Psychology Textbooks--The First in a Series of Posts

Every year on the various listservs, a number of discussions break out as to which Psychology text are good and which ones can work.  This will be the first in a series of posts discussing a variety of textbooks for both regular and AP Psychology.  For the uninitiated, psych teachers and professors tend to refer to general psych texts not by title, but rather by author, since most of them seemingly have the word, "Psychology" in their titles.

Other than colleagues, the first place most of us look to for textbooks is the Office of Teaching Resources in Psychology (OTRP), an online presence of APA Division 2: The Society for the Teaching of Psychology.  On this site is a section devoted to introductory psychology.  One of the resources on that page is a compendium of of information about intro texts, publishers, a rating of level of the textbooks (low, low-mid, middle, mid-high, and high), and other helpful information.

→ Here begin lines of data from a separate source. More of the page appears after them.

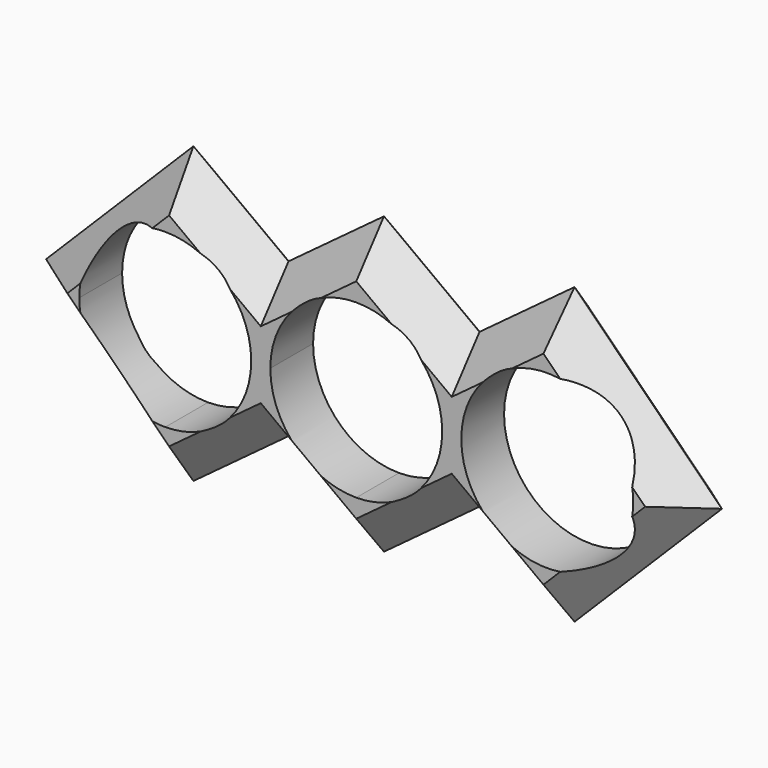
from build123d import *

# Parameters (mm, degrees)
F1_DEPTH      = 7
F2_T1_DEPTH   = 54.4125704052
F2_T3_DEPTH   = 54.4125704052
F2_T5_DEPTH   = 54.4125704052
F2_T7_DEPTH   = 54.4125704052
F2_T12_DEPTH  = 41.6814695772
F2_T17_DEPTH  = 41.6814695772
F2_T22_DEPTH  = 41.6814695772
F2_T27_DEPTH  = 41.6814695772
F2_T32_DEPTH  = 41.6814695772
F2_T37_DEPTH  = 41.6814695772
F2_T42_DEPTH  = 41.6814695772
F2_T47_DEPTH  = 41.6814695772
F2_T53_DEPTH  = 41.6814695772
F2_S55_R      = 11.25
F2_T56_DEPTH  = 25
F2_T59_DEPTH  = 41.6814695772
F2_S61_R      = 11.25
F2_T62_DEPTH  = 25
F2_T68_DEPTH  = 41.6814695772
F2_S70_R      = 11.25
F2_T71_DEPTH  = 25
F2_T74_DEPTH  = 41.6814695772
F2_S76_R      = 11.25
F2_T77_DEPTH  = 25
F2_T83_DEPTH  = 41.6814695772
F2_S85_R      = 11.25
F2_T86_DEPTH  = 25
F2_T89_DEPTH  = 41.6814695772
F2_S91_R      = 11.25
F2_T92_DEPTH  = 25
F2_T98_DEPTH  = 41.6814695772
F2_S100_R     = 11.25
F2_T101_DEPTH = 25
F2_T104_DEPTH = 41.6814695772
F2_S106_R     = 11.25
F2_T107_DEPTH = 25
F3_T1_DEPTH   = 43.7143691753
F3_T3_DEPTH   = 43.7143691753
F3_T5_DEPTH   = 43.7143691753
F3_T7_DEPTH   = 43.7143691753
F3_T12_DEPTH  = 30.9832683473
F3_T17_DEPTH  = 30.9832683473
F3_T22_DEPTH  = 30.9832683473
F3_T27_DEPTH  = 30.9832683473
F3_T32_DEPTH  = 30.9832683473
F3_T37_DEPTH  = 30.9832683473
F3_T42_DEPTH  = 30.9832683473
F3_T47_DEPTH  = 30.9832683473
F3_T53_DEPTH  = 30.9832683473
F3_T57_DEPTH  = 30.9832683473
F3_T64_DEPTH  = 30.9832683473
F3_T68_DEPTH  = 30.9832683473
F3_T75_DEPTH  = 30.9832683473
F3_T79_DEPTH  = 30.9832683473
F3_T86_DEPTH  = 30.9832683473
F3_T90_DEPTH  = 30.9832683473


# Not quite as in the source:
# - a fillet or chamfer that OpenCascade refuses, or shapes differently, is made with other operations: its cross-section is extruded or revolved along the edge and cut away or added


with BuildPart() as f1:
    # F0 (on Front) → F1 (new body)
    with BuildSketch(Plane.XZ):
        with BuildLine():
            Line((-25, 11.25), (-25, 20))
            Line((-25, 20), (-45, 0))
            Line((-45, 0), (-36.25, 0))
            ThreePointArc((-36.25, 0), (-32.9549512883, 7.9549512883), (-25, 11.25))
        make_face()
        with BuildLine():
            Line((-13.75, 0), (-12.5, 0))
            Line((-12.5, 0), (-12.5, 10.7452115044))
            Line((-12.5, 10.7452115044), (-25, 20))
            Line((-25, 20), (-25, 11.25))
            ThreePointArc((-25, 11.25), (-17.0450487117, 7.9549512883), (-13.75, 0))
        make_face()
        with BuildLine():
            Line((-12.5, -10.7452115044), (-12.5, 0))
            Line((-12.5, 0), (-13.75, 0))
            ThreePointArc((-13.75, 0), (-17.0450487117, -7.9549512883), (-25, -11.25))
            Line((-25, -11.25), (-25, -20))
            Line((-25, -20), (-12.5, -10.7452115044))
        make_face()
        with BuildLine():
            Line((-45, 0), (-25, -20))
            Line((-25, -20), (-25, -11.25))
            ThreePointArc((-25, -11.25), (-32.9549512883, -7.9549512883), (-36.25, 0))
            Line((-36.25, 0), (-45, 0))
        make_face()
        with BuildLine():
            Line((0, -20), (0, -11.25))
            ThreePointArc((0, -11.25), (-7.9549512883, -7.9549512883), (-11.25, 0))
            Line((-11.25, 0), (-12.5, 0))
            Line((-12.5, 0), (-12.5, -10.7452115044))
            Line((-12.5, -10.7452115044), (0, -20))
        make_face()
        with BuildLine():
            Line((12.5, 0), (11.25, 0))
            ThreePointArc((11.25, 0), (7.9549512883, -7.9549512883), (0, -11.25))
            Line((0, -11.25), (0, -20))
            Line((0, -20), (12.5, -10.7452115044))
            Line((12.5, -10.7452115044), (12.5, 0))
        make_face()
        with BuildLine():
            ThreePointArc((0, 11.25), (7.9549512883, 7.9549512883), (11.25, 0))
            Line((11.25, 0), (12.5, 0))
            Line((12.5, 0), (12.5, 10.7452115044))
            Line((12.5, 10.7452115044), (0, 20))
            Line((0, 20), (0, 11.25))
        make_face()
        with BuildLine():
            ThreePointArc((-11.25, 0), (-7.9549512883, 7.9549512883), (0, 11.25))
            Line((0, 11.25), (0, 20))
            Line((0, 20), (-12.5, 10.7452115044))
            Line((-12.5, 10.7452115044), (-12.5, 0))
            Line((-12.5, 0), (-11.25, 0))
        make_face()
        with BuildLine():
            Line((12.5, 10.7452115044), (12.5, 0))
            Line((12.5, 0), (13.75, 0))
            ThreePointArc((13.75, 0), (25, 11.25), (36.25, 0))
            Line((36.25, 0), (45, 0))
            Line((45, 0), (25, 20))
            Line((25, 20), (12.5, 10.7452115044))
        make_face()
        with BuildLine():
            Line((13.75, 0), (12.5, 0))
            Line((12.5, 0), (12.5, -10.7452115044))
            Line((12.5, -10.7452115044), (25, -20))
            Line((25, -20), (45, 0))
            Line((45, 0), (36.25, 0))
            ThreePointArc((36.25, 0), (25, -11.25), (13.75, 0))
        make_face()
    extrude(amount=F1_DEPTH)

    # F2: chamfer of 5.08 on 12 edges, made by hand

    # F2_s2 → F2_t1 (cut)
    with BuildSketch(Plane(origin=(6.7377487577, 0, 6.7377487577), x_dir=(0, 1, 0), z_dir=(-0.7071067812, 0, -0.7071067812))):
        Polygon((-1.92, -31.8198051534), (-7, -26.7398051534), (-7, -31.8198051534), align=None)
    extrude(amount=F2_T1_DEPTH, mode=Mode.SUBTRACT)

    # F2_s4 → F2_t3 (cut)
    with BuildSketch(Plane(origin=(31.7377487577, 0, -31.7377487577), x_dir=(0, 1, 0), z_dir=(-0.7071067812, 0, 0.7071067812))):
        Polygon((-1.92, -31.8198051534), (-7, -26.7398051534), (-7, -31.8198051534), align=None)
    extrude(amount=F2_T3_DEPTH, mode=Mode.SUBTRACT)

    # F2_s6 → F2_t5 (cut)
    with BuildSketch(Plane(origin=(-6.7377487577, 0, -6.7377487577), x_dir=(0, 1, 0), z_dir=(0.7071067812, 0, 0.7071067812))):
        Polygon((-1.92, -31.8198051534), (-7, -26.7398051534), (-7, -31.8198051534), align=None)
    extrude(amount=F2_T5_DEPTH, mode=Mode.SUBTRACT)

    # F2_s8 → F2_t7 (cut)
    with BuildSketch(Plane(origin=(-31.7377487577, 0, 31.7377487577), x_dir=(0, 1, 0), z_dir=(0.7071067812, 0, -0.7071067812))):
        Polygon((-1.92, -31.8198051534), (-7, -26.7398051534), (-7, -31.8198051534), align=None)
    extrude(amount=F2_T7_DEPTH, mode=Mode.SUBTRACT)


with BuildPart() as f2_tool10:
    # F2_s11 → F2_t12 (new body)
    with BuildSketch(Plane(origin=(-2.7131807604, 0, 2.008793127), x_dir=(0, 1, 0), z_dir=(-0.8036946592, 0, 0.5950419269))):
        Polygon((-1.92, -1.1978450121), (-7, 3.8821549879), (-7, -1.1978450121), align=None)
    extrude(amount=F2_T12_DEPTH)

    split(bisect_by=Plane(origin=(-9.5646403729, 0, 12.918502105), x_dir=(0, 1, 0), z_dir=(-0.5950419269, 0, 0.8036946592)), keep=Keep.TOP)


with BuildPart() as f1_1:
    add(f1.part)

    # F2_t9: cut F2_tool10
    add(f2_tool10.part, mode=Mode.SUBTRACT)


with BuildPart() as f2_tool15:
    # F2_s16 → F2_t17 (new body)
    with BuildSketch(Plane(origin=(20.0642276166, 0, 14.8552146336), x_dir=(0, 1, 0), z_dir=(-0.8036946592, 0, -0.5950419269))):
        Polygon((-1.92, -16.0738931843), (-7, -10.9938931843), (-7, -16.0738931843), align=None)
    extrude(amount=F2_T17_DEPTH)

    split(bisect_by=Plane(origin=(0.7127680041, 0, 0.9627016388), x_dir=(0, 1, 0), z_dir=(0.5950419269, 0, 0.8036946592)), keep=Keep.TOP)


with BuildPart() as f1_2:
    add(f1_1.part)

    # F2_t14: cut F2_tool15
    add(f2_tool15.part, mode=Mode.SUBTRACT)


with BuildPart() as f2_tool20:
    # F2_s21 → F2_t22 (new body)
    with BuildSketch(Plane(origin=(13.4349468708, 0, -9.9470073391), x_dir=(0, 1, 0), z_dir=(-0.8036946592, 0, 0.5950419269))):
        Polygon((-1.92, -16.0738931843), (-7, -10.9938931843), (-7, -16.0738931843), align=None)
    extrude(amount=F2_T22_DEPTH)

    split(bisect_by=Plane(origin=(-0.7127680041, 0, 0.9627016388), x_dir=(0, 1, 0), z_dir=(-0.5950419269, 0, 0.8036946592)), keep=Keep.TOP)


with BuildPart() as f1_3:
    add(f1_2.part)

    # F2_t19: cut F2_tool20
    add(f2_tool20.part, mode=Mode.SUBTRACT)


with BuildPart() as f2_tool25:
    # F2_s26 → F2_t27 (new body)
    with BuildSketch(Plane(origin=(36.2123552478, 0, 26.8110150997), x_dir=(0, 1, 0), z_dir=(-0.8036946592, 0, -0.5950419269))):
        Polygon((-1.92, -1.1978450121), (-7, 3.8821549879), (-7, -1.1978450121), align=None)
    extrude(amount=F2_T27_DEPTH)

    split(bisect_by=Plane(origin=(9.5646403729, 0, 12.918502105), x_dir=(0, 1, 0), z_dir=(0.5950419269, 0, 0.8036946592)), keep=Keep.TOP)


with BuildPart() as f1_4:
    add(f1_3.part)

    # F2_t24: cut F2_tool25
    add(f2_tool25.part, mode=Mode.SUBTRACT)


with BuildPart() as f2_tool30:
    # F2_s31 → F2_t32 (new body)
    with BuildSketch(Plane(origin=(2.7131807604, 0, -2.008793127), x_dir=(0, 1, 0), z_dir=(0.8036946592, 0, -0.5950419269))):
        Polygon((-1.92, -1.1978450121), (-7, 3.8821549879), (-7, -1.1978450121), align=None)
    extrude(amount=F2_T32_DEPTH)

    split(bisect_by=Plane(origin=(9.5646403729, 0, -12.918502105), x_dir=(0, 1, 0), z_dir=(0.5950419269, 0, -0.8036946592)), keep=Keep.TOP)


with BuildPart() as f1_5:
    add(f1_4.part)

    # F2_t29: cut F2_tool30
    add(f2_tool30.part, mode=Mode.SUBTRACT)


with BuildPart() as f2_tool35:
    # F2_s36 → F2_t37 (new body)
    with BuildSketch(Plane(origin=(-20.0642276166, 0, -14.8552146336), x_dir=(0, 1, 0), z_dir=(0.8036946592, 0, 0.5950419269))):
        Polygon((-1.92, -16.0738931843), (-7, -10.9938931843), (-7, -16.0738931843), align=None)
    extrude(amount=F2_T37_DEPTH)

    split(bisect_by=Plane(origin=(-0.7127680041, 0, -0.9627016388), x_dir=(0, 1, 0), z_dir=(-0.5950419269, 0, -0.8036946592)), keep=Keep.TOP)


with BuildPart() as f1_6:
    add(f1_5.part)

    # F2_t34: cut F2_tool35
    add(f2_tool35.part, mode=Mode.SUBTRACT)


with BuildPart() as f2_tool40:
    # F2_s41 → F2_t42 (new body)
    with BuildSketch(Plane(origin=(-13.4349468708, 0, 9.9470073391), x_dir=(0, 1, 0), z_dir=(0.8036946592, 0, -0.5950419269))):
        Polygon((-1.92, -16.0738931843), (-7, -10.9938931843), (-7, -16.0738931843), align=None)
    extrude(amount=F2_T42_DEPTH)

    split(bisect_by=Plane(origin=(0.7127680041, 0, -0.9627016388), x_dir=(0, 1, 0), z_dir=(0.5950419269, 0, -0.8036946592)), keep=Keep.TOP)


with BuildPart() as f1_7:
    add(f1_6.part)

    # F2_t39: cut F2_tool40
    add(f2_tool40.part, mode=Mode.SUBTRACT)


with BuildPart() as f2_tool45:
    # F2_s46 → F2_t47 (new body)
    with BuildSketch(Plane(origin=(-36.2123552478, 0, -26.8110150997), x_dir=(0, 1, 0), z_dir=(0.8036946592, 0, 0.5950419269))):
        Polygon((-1.92, -1.1978450121), (-7, 3.8821549879), (-7, -1.1978450121), align=None)
    extrude(amount=F2_T47_DEPTH)

    split(bisect_by=Plane(origin=(-9.5646403729, 0, -12.918502105), x_dir=(0, 1, 0), z_dir=(-0.5950419269, 0, -0.8036946592)), keep=Keep.TOP)


with BuildPart() as f1_8:
    add(f1_7.part)

    # F2_t44: cut F2_tool45
    add(f2_tool45.part, mode=Mode.SUBTRACT)


with BuildPart() as f2_tool51:
    # F2_s52 → F2_t53 (new body)
    with BuildSketch(Plane(origin=(20.0642276166, 0, 14.8552146336), x_dir=(0, 1, 0), z_dir=(-0.8036946592, 0, -0.5950419269))):
        Polygon((-1.92, -16.0738931843), (-7, -10.9938931843), (-7, -16.0738931843), align=None)
    extrude(amount=F2_T53_DEPTH)

    split(bisect_by=Plane(origin=(0.7127680041, 0, 0.9627016388), x_dir=(0, 1, 0), z_dir=(-0.5950419269, 0, -0.8036946592)), keep=Keep.TOP)

    # F2_s55 → F2_t56 (cut, symmetric)
    with BuildSketch(Plane.XZ.offset(4.5)):
        with Locations((-25, 0)):
            Circle(F2_S55_R)
    extrude(amount=F2_T56_DEPTH, both=True, mode=Mode.SUBTRACT)


with BuildPart() as f2_tool57:
    # F2_s58 → F2_t59 (new body)
    with BuildSketch(Plane(origin=(-2.7131807604, 0, 2.008793127), x_dir=(0, 1, 0), z_dir=(-0.8036946592, 0, 0.5950419269))):
        Polygon((-1.92, -1.1978450121), (-7, 3.8821549879), (-7, -1.1978450121), align=None)
    extrude(amount=F2_T59_DEPTH)

    split(bisect_by=Plane(origin=(-9.5646403729, 0, 12.918502105), x_dir=(0, 1, 0), z_dir=(0.5950419269, 0, -0.8036946592)), keep=Keep.TOP)

    # F2_s61 → F2_t62 (cut, symmetric)
    with BuildSketch(Plane.XZ.offset(4.5)):
        Circle(F2_S61_R)
    extrude(amount=F2_T62_DEPTH, both=True, mode=Mode.SUBTRACT)


with BuildPart() as f2_tool51_1:
    add(f2_tool51.part)

    # F2_t63: intersect F2_tool57
    add(f2_tool57.part, mode=Mode.INTERSECT)


with BuildPart() as f1_9:
    add(f1_8.part)

    # F2_t49: cut F2_tool51
    add(f2_tool51_1.part, mode=Mode.SUBTRACT)


with BuildPart() as f2_tool66:
    # F2_s67 → F2_t68 (new body)
    with BuildSketch(Plane(origin=(36.2123552478, 0, 26.8110150997), x_dir=(0, 1, 0), z_dir=(-0.8036946592, 0, -0.5950419269))):
        Polygon((-1.92, -1.1978450121), (-7, 3.8821549879), (-7, -1.1978450121), align=None)
    extrude(amount=F2_T68_DEPTH)

    split(bisect_by=Plane(origin=(9.5646403729, 0, 12.918502105), x_dir=(0, 1, 0), z_dir=(-0.5950419269, 0, -0.8036946592)), keep=Keep.TOP)

    # F2_s70 → F2_t71 (cut, symmetric)
    with BuildSketch(Plane.XZ.offset(4.5)):
        Circle(F2_S70_R)
    extrude(amount=F2_T71_DEPTH, both=True, mode=Mode.SUBTRACT)


with BuildPart() as f2_tool72:
    # F2_s73 → F2_t74 (new body)
    with BuildSketch(Plane(origin=(13.4349468708, 0, -9.9470073391), x_dir=(0, 1, 0), z_dir=(-0.8036946592, 0, 0.5950419269))):
        Polygon((-1.92, -16.0738931843), (-7, -10.9938931843), (-7, -16.0738931843), align=None)
    extrude(amount=F2_T74_DEPTH)

    split(bisect_by=Plane(origin=(-0.7127680041, 0, 0.9627016388), x_dir=(0, 1, 0), z_dir=(0.5950419269, 0, -0.8036946592)), keep=Keep.TOP)

    # F2_s76 → F2_t77 (cut, symmetric)
    with BuildSketch(Plane.XZ.offset(4.5)):
        with Locations((25, 0)):
            Circle(F2_S76_R)
    extrude(amount=F2_T77_DEPTH, both=True, mode=Mode.SUBTRACT)


with BuildPart() as f2_tool66_1:
    add(f2_tool66.part)

    # F2_t78: intersect F2_tool72
    add(f2_tool72.part, mode=Mode.INTERSECT)


with BuildPart() as f1_10:
    add(f1_9.part)

    # F2_t64: cut F2_tool66
    add(f2_tool66_1.part, mode=Mode.SUBTRACT)


with BuildPart() as f2_tool81:
    # F2_s82 → F2_t83 (new body)
    with BuildSketch(Plane(origin=(-20.0642276166, 0, -14.8552146336), x_dir=(0, 1, 0), z_dir=(0.8036946592, 0, 0.5950419269))):
        Polygon((-1.92, -16.0738931843), (-7, -10.9938931843), (-7, -16.0738931843), align=None)
    extrude(amount=F2_T83_DEPTH)

    split(bisect_by=Plane(origin=(-0.7127680041, 0, -0.9627016388), x_dir=(0, 1, 0), z_dir=(0.5950419269, 0, 0.8036946592)), keep=Keep.TOP)

    # F2_s85 → F2_t86 (cut, symmetric)
    with BuildSketch(Plane.XZ.offset(4.5)):
        with Locations((25, 0)):
            Circle(F2_S85_R)
    extrude(amount=F2_T86_DEPTH, both=True, mode=Mode.SUBTRACT)


with BuildPart() as f2_tool87:
    # F2_s88 → F2_t89 (new body)
    with BuildSketch(Plane(origin=(2.7131807604, 0, -2.008793127), x_dir=(0, 1, 0), z_dir=(0.8036946592, 0, -0.5950419269))):
        Polygon((-1.92, -1.1978450121), (-7, 3.8821549879), (-7, -1.1978450121), align=None)
    extrude(amount=F2_T89_DEPTH)

    split(bisect_by=Plane(origin=(9.5646403729, 0, -12.918502105), x_dir=(0, 1, 0), z_dir=(-0.5950419269, 0, 0.8036946592)), keep=Keep.TOP)

    # F2_s91 → F2_t92 (cut, symmetric)
    with BuildSketch(Plane.XZ.offset(4.5)):
        Circle(F2_S91_R)
    extrude(amount=F2_T92_DEPTH, both=True, mode=Mode.SUBTRACT)


with BuildPart() as f2_tool81_1:
    add(f2_tool81.part)

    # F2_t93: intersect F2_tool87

Obviously, this list needs to be updated, but an experienced teacher on several of the listservs probably has a feel for what is out there, even with new texts being introduced every year.  One of our goals is to highlight some of the texts that our readers use with their high school classes for both regular and AP levels.  To that end, this week, I will be discussing and evaluating the textbooks that I use (currently Coon and Mitterer for AP and Coon for regular psych).

If you'd like to be a guest contributor and tell us about one of your texts, contact one of the moderators and we will coordinate postings.  Information that we'd like to include is listed below.  Likely this is too much for some and not enough for others.  Please comment on what else you'd like to see.
  • Title and Edition
  • Author(s)
  • Publisher 
  • Textbook's companion website for instructors (URL)
  • Companion website for students (URL)
  • Date of most recent edition
  • Level (use OTRP as a guide)
  • Number of Authors
  • Number of Female Authors
  • Number of chapters
  • Number of Text Pages
  • Number of Pages per Chapter
  • Text Pages Plus Back Matter
  • Commentary on how much you have to supplement the text for your students (level of your students)
  • Strengths and Weaknesses of the text
Supplements for the text:
  • Describe and evaluate the supplements that come with the adoption of the text
  • Strengths and Weaknesses of the text
We look forward to the discussion (and probably debate) about texts in the next few months.